1. Click the **chart icon** below any SQL result to create a visualization
2. Configure chart type and axes as noted above
3. Click **Save** on the visualization
4. Go to **Create** > **Dashboard**
5. Click **Add** > **Visualization** and select from this notebook
6. Arrange widgets as desired

**Recommended Dashboard Layout:**
```
+-------------------------------------------------------------+
|  KPI Cards: Users | Conversations | Avg Score | Lessons     |
+-----------------------------+-------------------------------+
|  Daily Active Users Trend   |  Language Distribution        |
+-----------------------------+-------------------------------+
|  CEFR Level Funnel          |  Student Segments Pie         |
+-----------------------------+-------------------------------+
|  Lesson Effectiveness Table                                 |
+-------------------------------------------------------------+
|  Topic Engagement Heatmap                                   |
+-------------------------------------------------------------+
```

## Summary

This dashboard provides insights for:

| Stakeholder | Key Metrics |
|-------------|-------------|
| **Product Manager** | DAU, engagement trends, feature usage |
| **Content Team** | Lesson effectiveness, topic popularity |
| **Learning Designer** | Error patterns, CEFR progression |
| **Growth Team** | User segments, retention indicators |

**Actionable Insights:**
1. Focus content creation on high-engagement topics
2. Improve or retire low-effectiveness lessons
3. Create targeted interventions for "Struggling Students" segment
4. Optimize CEFR advancement pace based on error rates

---

## Interview Talking Points

When presenting this dashboard:

1. **Business Value**: "This dashboard helps the product team understand what's working and what needs improvement in the learning experience."

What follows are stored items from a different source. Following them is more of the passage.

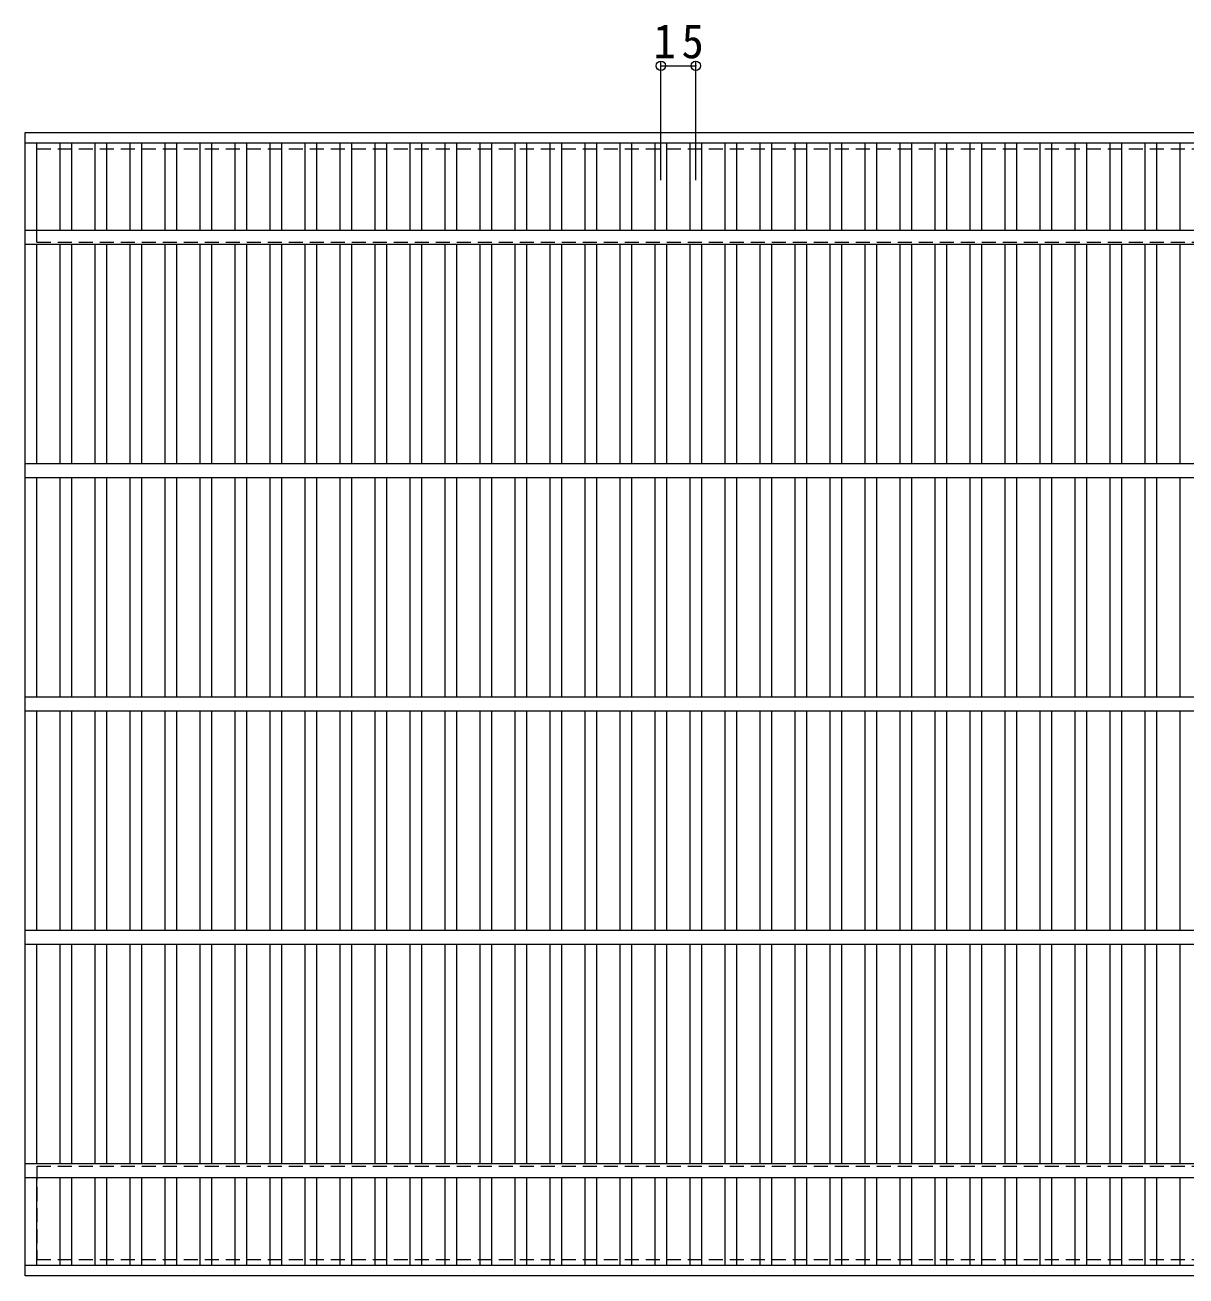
# Model space of a CAD drawing. Units: millimetres, scale not verified. Extents: x -803 to 874, y -683 to 641.
# Drawn here: x -801 to -303, y -20 to 516 of the extents above; entities that cross this region are included whole.
import ezdxf

# ---------------------------------------------------------------- set-up
doc = ezdxf.new("R2010")
doc.units = ezdxf.units.MM
doc.header["$LTSCALE"] = 5
doc.header["$PDMODE"] = 32
doc.header["$PDSIZE"] = 4
doc.linetypes.add('DASHED1', pattern=[1.8, 1.2, -0.6])
for name, color, linetype, lineweight in [('A-1_ピット', 2, 'Continuous', 9), ('A-2_蓋', 3, 'Continuous', 9), ('A-4_寸法', 7, 'Continuous', 9)]:
    doc.layers.add(name, color=color, linetype=linetype, lineweight=lineweight)
doc.styles.add('ＭＳ ゴシック', font='')
doc.styles.get('ＭＳ ゴシック').set_extended_font_data('MS Gothic')

msp = doc.modelspace()

# ---------------------------------------------------------------- linework, layer by layer
at = {"layer": 'A-1_ピット', "linetype": 'DASHED1'}
for p, q in [((-795.782, 422.662), (-795.782, 462.662)), ((-795.782, 462.662), (189.217, 462.662)), ((-795.782, 422.662), (189.217, 422.662)), ((-795.782, 26.662), (-795.782, -13.338)), ((-795.782, 26.662), (189.217, 26.662)), ((-795.782, -13.338), (189.217, -13.338))]:
    msp.add_line(p, q, dxfattribs=at)
at = {"layer": 'A-2_蓋'}
for p, q in [((-800.783, -20.338), (-800.783, 469.662)), ((-800.783, 469.662), (194.217, 469.662)), ((-800.783, 465.162), (194.217, 465.162)), ((-795.782, 427.662), (-795.782, 465.162)), ((-785.783, 427.662), (-785.783, 465.162)), ((-780.783, 427.662), (-780.783, 465.162)), ((-770.783, 427.662), (-770.783, 465.162)), ((-765.783, 427.662), (-765.783, 465.162)), ((-755.783, 427.662), (-755.783, 465.162)), ((-750.784, 427.662), (-750.784, 465.162)), ((-740.784, 427.662), (-740.784, 465.162)), ((-735.784, 427.662), (-735.784, 465.162)), ((-725.784, 427.662), (-725.784, 465.162)), ((-720.785, 427.662), (-720.785, 465.162)), ((-710.785, 427.662), (-710.785, 465.162)), ((-705.785, 427.662), (-705.785, 465.162)), ((-695.785, 427.662), (-695.785, 465.162)), ((-690.786, 427.662), (-690.786, 465.162)), ((-680.786, 427.662), (-680.786, 465.162)), ((-675.786, 427.662), (-675.786, 465.162)), ((-665.786, 427.662), (-665.786, 465.162)), ((-660.787, 427.662), (-660.787, 465.162)), ((-650.787, 427.662), (-650.787, 465.162)), ((-645.787, 427.662), (-645.787, 465.162)), ((-635.787, 427.662), (-635.787, 465.162)), ((-630.788, 427.662), (-630.788, 465.162)), ((-620.788, 427.662), (-620.788, 465.162)), ((-615.788, 427.662), (-615.788, 465.162)), ((-605.788, 427.662), (-605.788, 465.162)), ((-600.789, 427.662), (-600.789, 465.162)), ((-590.789, 427.662), (-590.789, 465.162)), ((-585.789, 427.662), (-585.789, 465.162)), ((-575.789, 427.662), (-575.789, 465.162)), ((-570.79, 427.662), (-570.79, 465.162)), ((-560.79, 427.662), (-560.79, 465.162)), ((-555.79, 427.662), (-555.79, 465.162)), ((-545.79, 427.662), (-545.79, 465.162)), ((-540.791, 427.662), (-540.791, 465.162)), ((-530.791, 427.662), (-530.791, 465.162)), ((-525.791, 427.662), (-525.791, 465.162)), ((-515.791, 427.662), (-515.791, 465.162)), ((-510.792, 427.662), (-510.792, 465.162)), ((-500.792, 427.662), (-500.792, 465.162)), ((-495.792, 427.662), (-495.792, 465.162)), ((-485.792, 427.662), (-485.792, 465.162)), ((-480.793, 427.662), (-480.793, 465.162)), ((-470.793, 427.662), (-470.793, 465.162)), ((-465.793, 427.662), (-465.793, 465.162)), ((-455.793, 427.662), (-455.793, 465.162)), ((-450.794, 427.662), (-450.794, 465.162)), ((-440.794, 427.662), (-440.794, 465.162)), ((-435.794, 427.662), (-435.794, 465.162)), ((-425.794, 427.662), (-425.794, 465.162)), ((-420.795, 427.662), (-420.795, 465.162)), ((-410.795, 427.662), (-410.795, 465.162)), ((-405.795, 427.662), (-405.795, 465.162)), ((-395.795, 427.662), (-395.795, 465.162)), ((-390.796, 427.662), (-390.796, 465.162)), ((-380.796, 427.662), (-380.796, 465.162)), ((-375.796, 427.662), (-375.796, 465.162)), ((-365.796, 427.662), (-365.796, 465.162)), ((-360.797, 427.662), (-360.797, 465.162)), ((-350.797, 427.662), (-350.797, 465.162)), ((-345.797, 427.662), (-345.797, 465.162)), ((-335.797, 427.662), (-335.797, 465.162)), ((-330.798, 427.662), (-330.798, 465.162)), ((-320.798, 427.662), (-320.798, 465.162)), ((-315.798, 427.662), (-315.798, 465.162)), ((-305.798, 427.662), (-305.798, 465.162)), ((194.217, 427.662), (-800.783, 427.662)), ((194.217, 421.662), (-800.783, 421.662)), ((-795.782, 327.662), (-795.782, 421.662)), ((-785.783, 327.662), (-785.783, 421.662)), ((-780.783, 327.662), (-780.783, 421.662)), ((-770.783, 327.662), (-770.783, 421.662)), ((-765.783, 327.662), (-765.783, 421.662)), ((-755.783, 327.662), (-755.783, 421.662)), ((-750.784, 327.662), (-750.784, 421.662)), ((-740.784, 327.662), (-740.784, 421.662)), ((-735.784, 327.662), (-735.784, 421.662)), ((-725.784, 327.662), (-725.784, 421.662)), ((-720.785, 327.662), (-720.785, 421.662)), ((-710.785, 327.662), (-710.785, 421.662)), ((-705.785, 327.662), (-705.785, 421.662)), ((-695.785, 327.662), (-695.785, 421.662)), ((-690.786, 327.662), (-690.786, 421.662)), ((-680.786, 327.662), (-680.786, 421.662)), ((-675.786, 327.662), (-675.786, 421.662)), ((-665.786, 327.662), (-665.786, 421.662)), ((-660.787, 327.662), (-660.787, 421.662)), ((-650.787, 327.662), (-650.787, 421.662)), ((-645.787, 327.662), (-645.787, 421.662)), ((-635.787, 327.662), (-635.787, 421.662)), ((-630.788, 327.662), (-630.788, 421.662)), ((-620.788, 327.662), (-620.788, 421.662)), ((-615.788, 327.662), (-615.788, 421.662)), ((-605.788, 327.662), (-605.788, 421.662)), ((-600.789, 327.662), (-600.789, 421.662)), ((-590.789, 327.662), (-590.789, 421.662)), ((-585.789, 327.662), (-585.789, 421.662)), ((-575.789, 327.662), (-575.789, 421.662)), ((-570.79, 327.662), (-570.79, 421.662)), ((-560.79, 327.662), (-560.79, 421.662)), ((-555.79, 327.662), (-555.79, 421.662)), ((-545.79, 327.662), (-545.79, 421.662)), ((-540.791, 327.662), (-540.791, 421.662)), ((-530.791, 327.662), (-530.791, 421.662)), ((-525.791, 327.662), (-525.791, 421.662)), ((-515.791, 327.662), (-515.791, 421.662)), ((-510.792, 327.662), (-510.792, 421.662)), ((-500.792, 327.662), (-500.792, 421.662)), ((-495.792, 327.662), (-495.792, 421.662)), ((-485.792, 327.662), (-485.792, 421.662)), ((-480.793, 327.662), (-480.793, 421.662)), ((-470.793, 327.662), (-470.793, 421.662)), ((-465.793, 327.662), (-465.793, 421.662)), ((-455.793, 327.662), (-455.793, 421.662)), ((-450.794, 327.662), (-450.794, 421.662)), ((-440.794, 327.662), (-440.794, 421.662)), ((-435.794, 327.662), (-435.794, 421.662)), ((-425.794, 327.662), (-425.794, 421.662)), ((-420.795, 327.662), (-420.795, 421.662)), ((-410.795, 327.662), (-410.795, 421.662)), ((-405.795, 327.662), (-405.795, 421.662)), ((-395.795, 327.662), (-395.795, 421.662)), ((-390.796, 327.662), (-390.796, 421.662)), ((-380.796, 327.662), (-380.796, 421.662)), ((-375.796, 327.662), (-375.796, 421.662)), ((-365.796, 327.662), (-365.796, 421.662)), ((-360.797, 327.662), (-360.797, 421.662)), ((-350.797, 327.662), (-350.797, 421.662)), ((-345.797, 327.662), (-345.797, 421.662)), ((-335.797, 327.662), (-335.797, 421.662)), ((-330.798, 327.662), (-330.798, 421.662)), ((-320.798, 327.662), (-320.798, 421.662)), ((-315.798, 327.662), (-315.798, 421.662)), ((-305.798, 327.662), (-305.798, 421.662)), ((194.217, 327.662), (-800.783, 327.662)), ((194.217, 321.662), (-800.783, 321.662)), ((-795.782, 227.662), (-795.782, 321.662)), ((-785.783, 227.662), (-785.783, 321.662)), ((-780.783, 227.662), (-780.783, 321.662)), ((-770.783, 227.662), (-770.783, 321.662)), ((-765.783, 227.662), (-765.783, 321.662)), ((-755.783, 227.662), (-755.783, 321.662)), ((-750.784, 227.662), (-750.784, 321.662)), ((-740.784, 227.662), (-740.784, 321.662)), ((-735.784, 227.662), (-735.784, 321.662)), ((-725.784, 227.662), (-725.784, 321.662)), ((-720.785, 227.662), (-720.785, 321.662)), ((-710.785, 227.662), (-710.785, 321.662)), ((-705.785, 227.662), (-705.785, 321.662)), ((-695.785, 227.662), (-695.785, 321.662)), ((-690.786, 227.662), (-690.786, 321.662)), ((-680.786, 227.662), (-680.786, 321.662)), ((-675.786, 227.662), (-675.786, 321.662)), ((-665.786, 227.662), (-665.786, 321.662)), ((-660.787, 227.662), (-660.787, 321.662)), ((-650.787, 227.662), (-650.787, 321.662)), ((-645.787, 227.662), (-645.787, 321.662)), ((-635.787, 227.662), (-635.787, 321.662)), ((-630.788, 227.662), (-630.788, 321.662)), ((-620.788, 227.662), (-620.788, 321.662)), ((-615.788, 227.662), (-615.788, 321.662)), ((-605.788, 227.662), (-605.788, 321.662)), ((-600.789, 227.662), (-600.789, 321.662)), ((-590.789, 227.662), (-590.789, 321.662)), ((-585.789, 227.662), (-585.789, 321.662)), ((-575.789, 227.662), (-575.789, 321.662)), ((-570.79, 227.662), (-570.79, 321.662)), ((-560.79, 227.662), (-560.79, 321.662)), ((-555.79, 227.662), (-555.79, 321.662)), ((-545.79, 227.662), (-545.79, 321.662)), ((-540.791, 227.662), (-540.791, 321.662)), ((-530.791, 227.662), (-530.791, 321.662)), ((-525.791, 227.662), (-525.791, 321.662)), ((-515.791, 227.662), (-515.791, 321.662)), ((-510.792, 227.662), (-510.792, 321.662)), ((-500.792, 227.662), (-500.792, 321.662)), ((-495.792, 227.662), (-495.792, 321.662)), ((-485.792, 227.662), (-485.792, 321.662)), ((-480.793, 227.662), (-480.793, 321.662)), ((-470.793, 227.662), (-470.793, 321.662)), ((-465.793, 227.662), (-465.793, 321.662)), ((-455.793, 227.662), (-455.793, 321.662)), ((-450.794, 227.662), (-450.794, 321.662)), ((-440.794, 227.662), (-440.794, 321.662)), ((-435.794, 227.662), (-435.794, 321.662)), ((-425.794, 227.662), (-425.794, 321.662)), ((-420.795, 227.662), (-420.795, 321.662)), ((-410.795, 227.662), (-410.795, 321.662)), ((-405.795, 227.662), (-405.795, 321.662)), ((-395.795, 227.662), (-395.795, 321.662)), ((-390.796, 227.662), (-390.796, 321.662)), ((-380.796, 227.662), (-380.796, 321.662)), ((-375.796, 227.662), (-375.796, 321.662)), ((-365.796, 227.662), (-365.796, 321.662)), ((-360.797, 227.662), (-360.797, 321.662)), ((-350.797, 227.662), (-350.797, 321.662)), ((-345.797, 227.662), (-345.797, 321.662)), ((-335.797, 227.662), (-335.797, 321.662)), ((-330.798, 227.662), (-330.798, 321.662)), ((-320.798, 227.662), (-320.798, 321.662)), ((-315.798, 227.662), (-315.798, 321.662)), ((-305.798, 227.662), (-305.798, 321.662)), ((194.217, 227.662), (-800.783, 227.662)), ((194.217, 221.662), (-800.783, 221.662)), ((-795.782, 127.662), (-795.782, 221.662)), ((-785.783, 127.662), (-785.783, 221.662)), ((-780.783, 127.662), (-780.783, 221.662)), ((-770.783, 127.662), (-770.783, 221.662)), ((-765.783, 127.662), (-765.783, 221.662)), ((-755.783, 127.662), (-755.783, 221.662)), ((-750.784, 127.662), (-750.784, 221.662)), ((-740.784, 127.662), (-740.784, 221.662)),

2. **Technical Depth**: "The data flows through a medallion architecture: Bronze (raw), Silver (cleaned/joined), Gold (aggregated). This ensures data quality and query performance."

3. **ML Integration**: "I used K-Means clustering to segment users for personalized interventions. (MLflow tracking is available in paid editions for experiment management.)"

4. **Scalability**: "This architecture scales - we could add real-time streaming, more sophisticated ML models, or integrate with external data sources."